Я прошагал к Джонни Кейпхарту, славному американскому пареньку, который стал полицейским.
– Офицер Кейпхарт, – сказал я, – вы замечательно описали нам дом судьи Ноутона. Поздравляю, у вас прекрасная память. Однако у меня сложилось впечатление, что вы хорошо знаете этот дом. Вам приходилось бывать в нем прежде?
– Прежде, сэр?
– До того, как мисс Пиласки вызвала вас туда, позвонив по телефону.
– А, понял. Да, сэр.
– И когда это было?
– Примерно за полгода до убийства.
– Я бы хотел, чтобы этот ответ из протокола вычеркнули, – сказал я Харрингтону. – В юридическом смысле, убийство – это умышленное лишение жизни другого человека. Пока мы ещё не установили, что в резиденции судьи Ноутона произошло убийство.
– Хорошо, – кивнул Харрингтон и обратился к Джонни: – Воздержитесь пока давать определение гибели судьи Ноутона. Говорите просто как о смерти.
– Да, ваша честь.
Я повторил свой вопрос.
– Я был там примерно за полгода до смерти судьи Ноутона, сэр.
– Ваше посещение носило профессиональный характер – вы выполняли свой долг?
– Да, сэр.
Я пристально следил за Сандлером. Нюх у помощника прокурора был прекрасный, и он мигом смекнул, чего я добиваюсь. Он даже открыл было рот, чтобы заявить протест, но в последний миг сдержался. Любопытство пересилило; тем более, что он отлично знал, что успеет внести протест и после того, как удовлетворит любопытство.
– Расскажите нам, какие именно обстоятельства привели вас туда впервые.

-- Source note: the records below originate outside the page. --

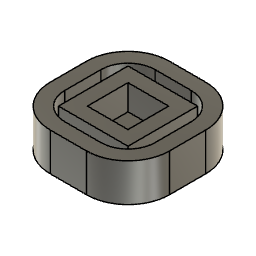
Pulsador v6 (Autodesk Fusion 360 design; units mm, degrees)
Autodesk Fusion 360 part; units mm, degrees
sketch "Boceto1" plane through (0, 0, 0) normal (0, 0, 1) x (1, 0, 0)
  line L0 (2, 5) -> (-2, 5)
  line L1 (-5, 2) -> (-5, -2)
  line L2 (-2, -5) -> (2, -5)
  line L3 (5, -2) -> (5, 2)
  line L4 (5, 5) -> (-5, -5) construction
  line L5 (-5, 5) -> (5, -5) construction
  line L6 (2.25, -2.25) -> (-2.25, -2.25)
  line L7 (-2.25, -2.25) -> (-2.25, 2.25)
  line L8 (-2.25, 2.25) -> (2.25, 2.25)
  line L9 (2.25, 2.25) -> (2.25, -2.25)
  line L10 (2.25, -2.25) -> (-2.25, 2.25) construction
  line L11 (-2.25, -2.25) -> (2.25, 2.25) construction
  line L12 (3.85, -3.85) -> (-3.85, -3.85)
  line L13 (-3.85, -3.85) -> (-3.85, 3.85)
  line L14 (-3.85, 3.85) -> (3.85, 3.85)
  line L15 (3.85, 3.85) -> (3.85, -3.85)
  arc A0 (-2, 5) -> (-5, 2) centre (-2, 2) ccw
  arc A1 (5, 2) -> (2, 5) centre (2, 2) ccw
  arc A2 (2, -5) -> (5, -2) centre (2, -2) ccw
  arc A3 (-5, -2) -> (-2, -5) centre (-2, -2) ccw
  arc A4 (-6.6, -2) -> (-2, -6.6) centre (-2, -2) ccw
  line L16 (-2, -6.6) -> (2, -6.6)
  arc A5 (2, -6.6) -> (6.6, -2) centre (2, -2) ccw
  line L17 (6.6, -2) -> (6.6, 2)
  arc A6 (6.6, 2) -> (2, 6.6) centre (2, 2) ccw
  line L18 (2, 6.6) -> (-2, 6.6)
  arc A7 (-2, 6.6) -> (-6.6, 2) centre (-2, 2) ccw
  line L19 (-6.6, 2) -> (-6.6, -2)
  dimension "d3" = 10
  dimension "d4" = 10
  dimension "d5" = 4.5
  dimension "d6" = 4.5
  dimension "d7" = -1.6
  dimension "d8" = 3
  dimension "d9" = 1.6
  constraint horizontal L0
  constraint perpendicular L0 L1
  constraint parallel L0 L2
  constraint parallel L1 L3
  constraint coincident L4 origin
  constraint coincident L5 origin
  constraint horizontal L6
  constraint perpendicular L6 L7
  constraint parallel L6 L8
  constraint parallel L7 L9
  constraint coincident L10 origin
  constraint coincident L11 origin
  constraint coincident L5.start L1
  constraint coincident L5.start L0
  constraint tangent L1 A0
  constraint tangent L0 A0
  constraint coincident L4.start L0
  constraint coincident L4.start L3
  constraint tangent L0 A1
  constraint tangent L3 A1
  constraint equal A0 A1
  constraint coincident L5.end L3
  constraint coincident L5.end L2
  constraint tangent L3 A2
  constraint tangent L2 A2
  constraint equal A0 A2
  constraint coincident L4.end L2
  constraint coincident L4.end L1
  constraint tangent L2 A3
  constraint tangent L1 A3
  constraint equal A0 A3
  measures "d3" distance of L4.end L5.end
  measures "d4" distance of L5.start L4.end
  measures "d5" distance of L7.end L8.end
  measures "d6" distance of L6.end L7.end
  measures "d8" radius of A0
extrude "Extruir1" add sketch "Boceto1" along normal blind 1.4 contours L0 L1 L2 L3 A0 A1 A2 A3 | L6 L7 L8 L9 | L12 L13 L14 L15 | A4 L16 A5 L17 A6 L18 A7 L19
extrude "Extruir2" add sketch "Boceto1" along normal blind 2.8 from surface at 1.4 contours L12 L13 L14 L15
extrude "Extruir3" add sketch "Boceto1" along normal up to surface (2.8 mm away) from surface at 1.4 contours A4 L16 A5 L17 A6 L18 A7 L19
named bodies: "Pulsador"

Сандлер тут же возразил, а судья Харрингтон прищурился и спросил:
– Вы намерены как-то связать это с уже представленными показаниями? Я не понимаю, какое отношение к делу может иметь нечто, случившееся полгода назад. Вы сможете установить связь? В любом случае, это не вполне корректный перекрестный допрос.
– Я попытаюсь установить связь.
– Вы ведь можете вызвать этого полицейского как собственного свидетеля, мистер Эддиман.
– Я возражаю! – снова выкрикнул Сандлер. – Это просто попытка половить рыбку в мутной воде!
– Прошу вас, подойдите оба ко мне, – пригласил судья Харрингтон. – И ещё прошу вас, мистер Сандлер, воздержаться от громких выкриков. Я, конечно, чуть-чуть постарше вас, но на слух пока не жалуюсь.